Genesis 4 takes us from bad to worse, as Cain murders his brother and as Lamech boasts of his acts of vengeance. But there is a glimmer of hope in the final verse, as ‘At that time people began to call upon the name of the Lord’ (ESV). Is there a glimmer of hope in this debate?
I end this post with Exhibit C. This is an ongoing series of discussions between prominent evolutionary creationist Darrel Falk and prominent young-age creationist Todd Wood. Most of these conversations, facilitated by the Colossian Forum, have been taken taking place in private. But they went public a few months ago, in an event that you can listen to here (hat tip: Biblical Creation Ministries). It really is an excellent example of people of widely different perspectives coming together as brothers in Christ and seeking to understand each other.
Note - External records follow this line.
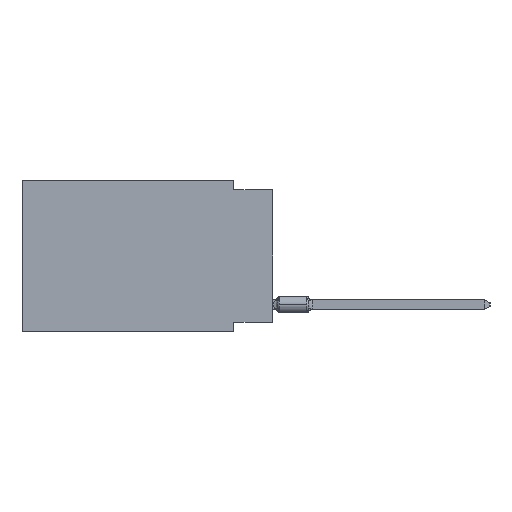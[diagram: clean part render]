
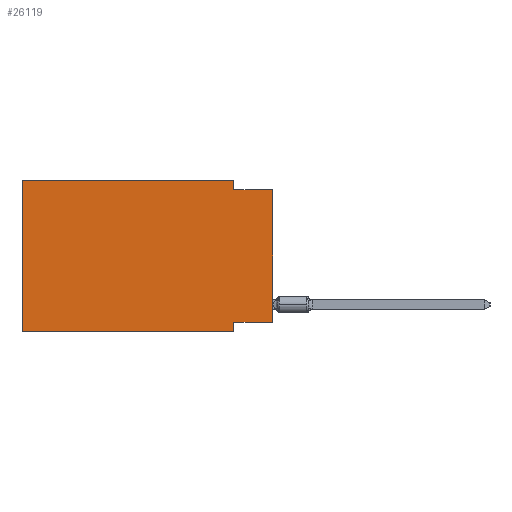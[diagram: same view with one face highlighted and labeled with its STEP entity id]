
A CAD part, left-side view. The second image highlights one B-rep face of the part: STEP entity #26119.
In plain terms, the highlighted planar face has unit normal (-1, 0, 0).
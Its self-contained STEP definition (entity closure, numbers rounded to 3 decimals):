
#574 = VERTEX_POINT ( 'NONE', #25078 ) ;
#1147 = VERTEX_POINT ( 'NONE', #12041 ) ;
#1150 = LINE ( 'NONE', #12018, #6965 ) ;
#1357 = CARTESIAN_POINT ( 'NONE',  ( 0., 0., -0.635 ) ) ;
#2665 = LINE ( 'NONE', #2838, #27872 ) ;
#2832 = CARTESIAN_POINT ( 'NONE',  ( 0., 16.383, 0. ) ) ;
#2838 = CARTESIAN_POINT ( 'NONE',  ( 0., 2.54, 0. ) ) ;
#2875 = AXIS2_PLACEMENT_3D ( 'NONE', #5907, #19610, #5244 ) ;
#3301 = CARTESIAN_POINT ( 'NONE',  ( 0., 0., -9.271 ) ) ;
#4291 = LINE ( 'NONE', #5252, #17869 ) ;
#5244 = DIRECTION ( 'NONE',  ( 0., 0., -1. ) ) ;
#5252 = CARTESIAN_POINT ( 'NONE',  ( 0., 16.383, -9.906 ) ) ;
#5907 = CARTESIAN_POINT ( 'NONE',  ( 0., 16.383, 0. ) ) ;
#6831 = CARTESIAN_POINT ( 'NONE',  ( 0., 2.54, -9.906 ) ) ;
#6965 = VECTOR ( 'NONE', #11849, 1000. ) ;
#8054 = DIRECTION ( 'NONE',  ( 0., -1., 0. ) ) ;
#8067 = VECTOR ( 'NONE', #25523, 1000. ) ;
#8334 = ORIENTED_EDGE ( 'NONE', *, *, #18395, .F. ) ;
#8639 = EDGE_CURVE ( 'NONE', #34410, #574, #11485, .T. ) ;
#8719 = EDGE_CURVE ( 'NONE', #11057, #14155, #1150, .T. ) ;
#10530 = EDGE_CURVE ( 'NONE', #20998, #1147, #4291, .T. ) ;
#11057 = VERTEX_POINT ( 'NONE', #3301 ) ;
#11444 = CARTESIAN_POINT ( 'NONE',  ( 0., 0., 0. ) ) ;
#11485 = LINE ( 'NONE', #17630, #8067 ) ;
#11713 = FACE_OUTER_BOUND ( 'NONE', #21680, .T. ) ;
#11849 = DIRECTION ( 'NONE',  ( 0., 1., 0. ) ) ;
#11979 = LINE ( 'NONE', #11444, #27883 ) ;
#12018 = CARTESIAN_POINT ( 'NONE',  ( 0., 0., -9.271 ) ) ;
#12041 = CARTESIAN_POINT ( 'NONE',  ( 0., 2.54, -9.906 ) ) ;
#12365 = EDGE_CURVE ( 'NONE', #574, #17408, #2665, .T. ) ;
#14155 = VERTEX_POINT ( 'NONE', #18929 ) ;
#14257 = DIRECTION ( 'NONE',  ( 0., 0., -1. ) ) ;
#15496 = VERTEX_POINT ( 'NONE', #1357 ) ;
#15672 = CARTESIAN_POINT ( 'NONE',  ( 0., 16.383, 0. ) ) ;
#16355 = LINE ( 'NONE', #15672, #18271 ) ;
#17385 = ORIENTED_EDGE ( 'NONE', *, *, #8639, .F. ) ;
#17408 = VERTEX_POINT ( 'NONE', #26443 ) ;
#17630 = CARTESIAN_POINT ( 'NONE',  ( 0., 16.383, 0. ) ) ;
#17869 = VECTOR ( 'NONE', #8054, 1000. ) ;
#18271 = VECTOR ( 'NONE', #27038, 1000. ) ;
#18395 = EDGE_CURVE ( 'NONE', #20998, #34410, #16355, .T. ) ;
#18625 = DIRECTION ( 'NONE',  ( 0., 0., -1. ) ) ;
#18922 = CARTESIAN_POINT ( 'NONE',  ( 0., 0., -0.635 ) ) ;
#18929 = CARTESIAN_POINT ( 'NONE',  ( 0., 2.54, -9.271 ) ) ;
#19210 = EDGE_CURVE ( 'NONE', #14155, #1147, #31037, .T. ) ;
#19229 = ORIENTED_EDGE ( 'NONE', *, *, #19210, .F. ) ;
#19425 = PLANE ( 'NONE',  #2875 ) ;
#19610 = DIRECTION ( 'NONE',  ( 1., 0., 0. ) ) ;
#20908 = EDGE_CURVE ( 'NONE', #17408, #15496, #26634, .T. ) ;
#20998 = VERTEX_POINT ( 'NONE', #31274 ) ;
#21680 = EDGE_LOOP ( 'NONE', ( #28824, #29273, #21890, #17385, #8334, #33900, #19229, #30642 ) ) ;
#21890 = ORIENTED_EDGE ( 'NONE', *, *, #12365, .F. ) ;
#22688 = DIRECTION ( 'NONE',  ( 0., 0., 1. ) ) ;
#23267 = VECTOR ( 'NONE', #14257, 1000. ) ;
#23839 = DIRECTION ( 'NONE',  ( 0., -1., 0. ) ) ;
#25078 = CARTESIAN_POINT ( 'NONE',  ( 0., 2.54, 0. ) ) ;
#25523 = DIRECTION ( 'NONE',  ( 0., -1., 0. ) ) ;
#26119 = ADVANCED_FACE ( 'NONE', ( #11713 ), #19425, .F. ) ;
#26121 = VECTOR ( 'NONE', #23839, 1000. ) ;
#26443 = CARTESIAN_POINT ( 'NONE',  ( 0., 2.54, -0.635 ) ) ;
#26634 = LINE ( 'NONE', #18922, #26121 ) ;
#27038 = DIRECTION ( 'NONE',  ( 0., 0., 1. ) ) ;
#27652 = EDGE_CURVE ( 'NONE', #11057, #15496, #11979, .T. ) ;
#27872 = VECTOR ( 'NONE', #18625, 1000. ) ;
#27883 = VECTOR ( 'NONE', #22688, 1000. ) ;
#28824 = ORIENTED_EDGE ( 'NONE', *, *, #27652, .T. ) ;
#29273 = ORIENTED_EDGE ( 'NONE', *, *, #20908, .F. ) ;
#30642 = ORIENTED_EDGE ( 'NONE', *, *, #8719, .F. ) ;
#31037 = LINE ( 'NONE', #6831, #23267 ) ;
#31274 = CARTESIAN_POINT ( 'NONE',  ( 0., 16.383, -9.906 ) ) ;
#33900 = ORIENTED_EDGE ( 'NONE', *, *, #10530, .T. ) ;
#34410 = VERTEX_POINT ( 'NONE', #2832 ) ;
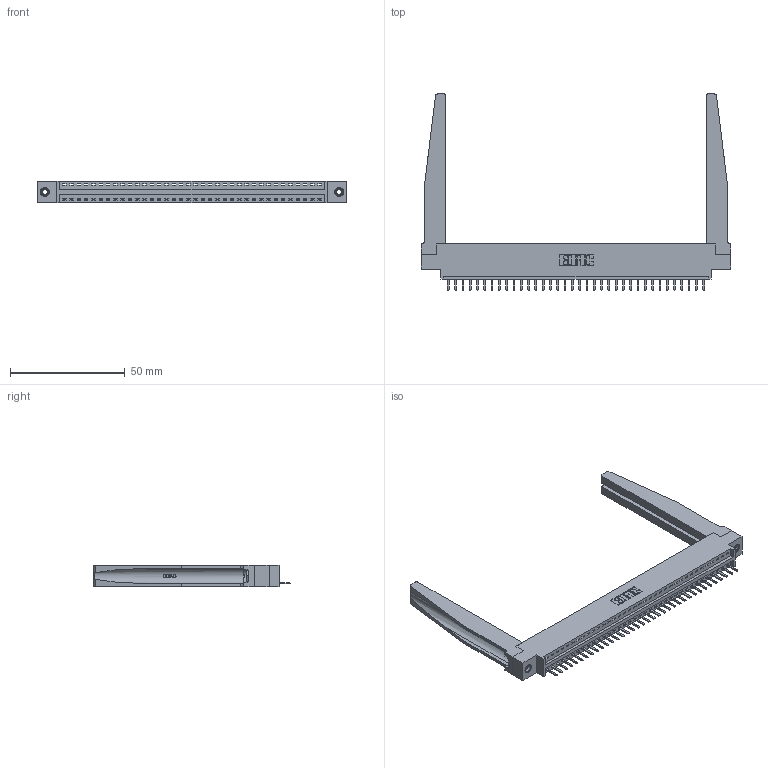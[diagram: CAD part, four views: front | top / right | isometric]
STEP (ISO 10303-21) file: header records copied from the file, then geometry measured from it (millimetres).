
FILE_DESCRIPTION (( 'STEP AP203' ), '1' );
FILE_NAME ('346-036-520-678.STEP', '2022-05-07T00:24:42', ( '' ), ( '' ), 'SwSTEP 2.0', 'SolidWorks 2020', '' );
FILE_SCHEMA (( 'CONFIG_CONTROL_DESIGN' ));
Length unit declared in the file: inch
Products named in the file (5): 346-220-078_345-220-078; 346 Part_0.170 Offset - 0.156 Dia-TH; 345-292-001_345-293-120; 345-250-001_345-250-001-102; 346-036-520-678
Assembly tree (41 placements, depth 2):
  346-036-520-678
    346 Part_0.170 Offset - 0.156 Dia-TH
    345-292-001_345-293-120  x36
    346-220-078_345-220-078  x2
    345-250-001_345-250-001-102  x2
Bounding box: 134.87 x 85.29 x 9.4 mm (x, y, z)
Volume: 19501.7 mm3; surface area: 22061.7 mm2
Topology: 41 solids, 41 shells, 2606 faces, 7609 edges, 4966 vertices
Faces by surface type: plane 1748, cylinder 806, bspline 36, cone 12, torus 4
Entity records: 28560 total; most frequent: CARTESIAN_POINT 5825, ORIENTED_EDGE 4670, DIRECTION 4117, EDGE_CURVE 2335, VECTOR 1961, LINE 1961, VERTEX_POINT 1548, AXIS2_PLACEMENT_3D 1078

Creation or evolution: do we have to keep getting nowhere? In keeping with the book titles mentioned above, my question also anticipates a negative answer. No, we don’t have to keep getting nowhere. There is hope, and I am optimistic, that one day, before too long, it will not be so much a ‘debate’ about creation and evolution, with people taking ‘sides’, but a serious attempt by brothers and sisters in Christ to grapple together with these big questions, ‘until we all attain to the unity of the faith and of the knowledge of the Son of God, to mature manhood, to the measure of the stature of the fullness of Christ’ (Ephesians 4:13, ESV).